* [Entries provided]:
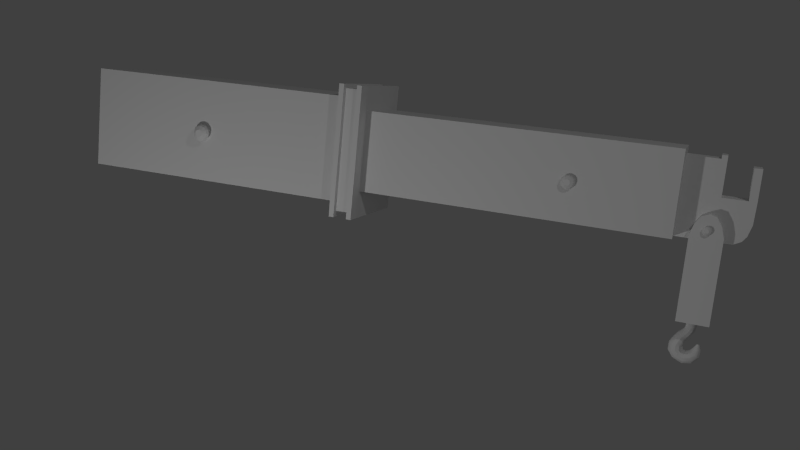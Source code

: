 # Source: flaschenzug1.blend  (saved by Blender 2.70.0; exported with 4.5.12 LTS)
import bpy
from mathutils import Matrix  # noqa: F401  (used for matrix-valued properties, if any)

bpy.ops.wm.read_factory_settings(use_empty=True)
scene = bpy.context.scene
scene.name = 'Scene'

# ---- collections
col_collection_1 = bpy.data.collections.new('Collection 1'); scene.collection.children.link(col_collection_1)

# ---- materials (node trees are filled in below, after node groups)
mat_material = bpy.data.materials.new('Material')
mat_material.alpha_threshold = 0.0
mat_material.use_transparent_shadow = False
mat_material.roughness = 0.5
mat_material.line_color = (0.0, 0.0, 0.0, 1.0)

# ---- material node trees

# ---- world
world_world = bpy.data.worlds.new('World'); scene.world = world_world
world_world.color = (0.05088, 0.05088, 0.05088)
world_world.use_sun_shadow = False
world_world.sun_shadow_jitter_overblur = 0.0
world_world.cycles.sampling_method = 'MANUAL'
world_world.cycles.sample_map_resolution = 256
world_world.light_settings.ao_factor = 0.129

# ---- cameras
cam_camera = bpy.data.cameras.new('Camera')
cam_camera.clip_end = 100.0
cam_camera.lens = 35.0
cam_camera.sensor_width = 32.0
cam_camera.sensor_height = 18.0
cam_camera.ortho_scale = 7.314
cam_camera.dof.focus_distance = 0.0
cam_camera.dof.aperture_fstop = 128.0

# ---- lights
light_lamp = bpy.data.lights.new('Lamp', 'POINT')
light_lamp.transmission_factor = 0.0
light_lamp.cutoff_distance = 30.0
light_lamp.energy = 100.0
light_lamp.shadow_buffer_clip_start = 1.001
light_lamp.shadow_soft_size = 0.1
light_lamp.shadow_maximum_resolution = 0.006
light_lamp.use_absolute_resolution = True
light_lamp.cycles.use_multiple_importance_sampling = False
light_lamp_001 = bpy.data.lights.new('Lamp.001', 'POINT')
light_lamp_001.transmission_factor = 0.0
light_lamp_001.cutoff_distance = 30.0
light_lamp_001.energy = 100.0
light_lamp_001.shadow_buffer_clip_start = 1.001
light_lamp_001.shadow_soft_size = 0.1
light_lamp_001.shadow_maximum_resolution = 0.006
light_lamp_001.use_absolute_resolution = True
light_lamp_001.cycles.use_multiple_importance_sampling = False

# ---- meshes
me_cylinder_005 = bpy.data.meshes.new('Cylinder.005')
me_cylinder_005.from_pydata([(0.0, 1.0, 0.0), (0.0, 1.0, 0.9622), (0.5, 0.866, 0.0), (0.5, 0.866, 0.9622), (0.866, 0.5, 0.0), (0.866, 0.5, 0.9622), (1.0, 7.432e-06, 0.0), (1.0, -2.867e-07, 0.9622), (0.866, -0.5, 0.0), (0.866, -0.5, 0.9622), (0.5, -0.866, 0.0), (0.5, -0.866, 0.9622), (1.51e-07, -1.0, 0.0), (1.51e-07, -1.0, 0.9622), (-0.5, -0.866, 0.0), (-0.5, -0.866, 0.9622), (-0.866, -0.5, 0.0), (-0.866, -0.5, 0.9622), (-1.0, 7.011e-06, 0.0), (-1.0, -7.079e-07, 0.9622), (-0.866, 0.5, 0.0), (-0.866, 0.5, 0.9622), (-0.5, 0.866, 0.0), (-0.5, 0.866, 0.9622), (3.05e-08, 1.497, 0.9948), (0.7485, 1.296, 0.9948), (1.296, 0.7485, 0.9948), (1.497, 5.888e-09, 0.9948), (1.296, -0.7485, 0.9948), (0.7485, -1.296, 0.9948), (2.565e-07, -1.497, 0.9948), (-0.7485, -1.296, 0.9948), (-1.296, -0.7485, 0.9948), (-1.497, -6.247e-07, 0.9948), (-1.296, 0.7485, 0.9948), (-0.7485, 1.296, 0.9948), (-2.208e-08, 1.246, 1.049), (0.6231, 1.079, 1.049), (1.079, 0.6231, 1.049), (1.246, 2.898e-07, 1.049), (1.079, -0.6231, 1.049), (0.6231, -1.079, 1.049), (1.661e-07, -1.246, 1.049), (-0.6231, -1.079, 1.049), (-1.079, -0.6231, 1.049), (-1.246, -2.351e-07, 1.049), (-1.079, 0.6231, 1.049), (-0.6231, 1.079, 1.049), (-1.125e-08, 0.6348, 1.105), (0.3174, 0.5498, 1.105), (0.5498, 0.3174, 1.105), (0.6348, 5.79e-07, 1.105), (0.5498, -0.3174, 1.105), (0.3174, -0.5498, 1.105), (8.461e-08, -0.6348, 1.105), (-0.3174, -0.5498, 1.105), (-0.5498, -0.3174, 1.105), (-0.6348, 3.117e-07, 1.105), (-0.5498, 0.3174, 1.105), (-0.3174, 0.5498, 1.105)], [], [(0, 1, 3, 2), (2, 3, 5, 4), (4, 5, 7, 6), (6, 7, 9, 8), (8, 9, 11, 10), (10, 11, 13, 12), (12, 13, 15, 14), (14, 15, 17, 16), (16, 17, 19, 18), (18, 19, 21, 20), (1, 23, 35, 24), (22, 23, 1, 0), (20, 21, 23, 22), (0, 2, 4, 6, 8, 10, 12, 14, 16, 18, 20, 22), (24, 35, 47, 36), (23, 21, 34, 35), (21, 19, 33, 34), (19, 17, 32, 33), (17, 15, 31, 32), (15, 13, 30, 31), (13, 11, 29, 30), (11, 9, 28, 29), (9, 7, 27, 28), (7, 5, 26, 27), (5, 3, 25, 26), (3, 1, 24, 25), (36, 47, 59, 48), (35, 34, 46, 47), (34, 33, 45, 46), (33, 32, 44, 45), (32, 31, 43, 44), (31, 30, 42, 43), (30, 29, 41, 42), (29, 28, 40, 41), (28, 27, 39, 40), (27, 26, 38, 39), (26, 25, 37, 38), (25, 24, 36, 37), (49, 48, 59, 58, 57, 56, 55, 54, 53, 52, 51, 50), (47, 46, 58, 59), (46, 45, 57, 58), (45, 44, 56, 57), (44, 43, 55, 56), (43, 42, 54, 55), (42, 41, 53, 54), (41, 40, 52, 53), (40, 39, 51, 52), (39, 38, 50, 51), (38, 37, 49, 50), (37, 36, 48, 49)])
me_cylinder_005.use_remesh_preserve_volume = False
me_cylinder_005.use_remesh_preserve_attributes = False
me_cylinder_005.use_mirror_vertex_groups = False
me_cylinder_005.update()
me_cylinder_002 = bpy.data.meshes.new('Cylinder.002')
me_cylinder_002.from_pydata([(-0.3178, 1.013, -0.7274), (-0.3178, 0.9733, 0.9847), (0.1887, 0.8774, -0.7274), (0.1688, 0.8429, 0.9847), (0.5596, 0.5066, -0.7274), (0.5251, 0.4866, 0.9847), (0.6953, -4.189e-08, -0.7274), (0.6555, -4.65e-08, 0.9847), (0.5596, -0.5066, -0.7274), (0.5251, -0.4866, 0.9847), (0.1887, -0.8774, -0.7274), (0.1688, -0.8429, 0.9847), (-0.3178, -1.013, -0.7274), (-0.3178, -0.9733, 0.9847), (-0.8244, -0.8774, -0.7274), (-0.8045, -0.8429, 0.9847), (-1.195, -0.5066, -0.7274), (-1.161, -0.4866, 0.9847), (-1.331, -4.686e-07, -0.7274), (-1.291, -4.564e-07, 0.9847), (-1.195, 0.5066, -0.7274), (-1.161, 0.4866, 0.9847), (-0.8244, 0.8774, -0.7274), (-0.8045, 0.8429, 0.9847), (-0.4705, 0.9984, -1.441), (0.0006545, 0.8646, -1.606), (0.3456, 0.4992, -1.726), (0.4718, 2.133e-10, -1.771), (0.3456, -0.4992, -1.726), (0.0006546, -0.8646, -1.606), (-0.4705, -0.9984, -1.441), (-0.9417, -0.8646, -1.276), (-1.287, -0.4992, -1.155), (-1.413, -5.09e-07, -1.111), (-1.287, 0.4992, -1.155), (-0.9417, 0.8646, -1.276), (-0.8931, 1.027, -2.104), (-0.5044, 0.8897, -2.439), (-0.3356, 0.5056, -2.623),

* [Your instructions]:
Print, without alteration, only the lines above between the one holding "light_lamp.transmission_factor = 0.0" and the one holding "light_lamp_001.cutoff_distance = 30.0", inclusive.

* [Expected answer]:
light_lamp.transmission_factor = 0.0
light_lamp.cutoff_distance = 30.0
light_lamp.energy = 100.0
light_lamp.shadow_buffer_clip_start = 1.001
light_lamp.shadow_soft_size = 0.1
light_lamp.shadow_maximum_resolution = 0.006
light_lamp.use_absolute_resolution = True
light_lamp.cycles.use_multiple_importance_sampling = False
light_lamp_001 = bpy.data.lights.new('Lamp.001', 'POINT')
light_lamp_001.transmission_factor = 0.0
light_lamp_001.cutoff_distance = 30.0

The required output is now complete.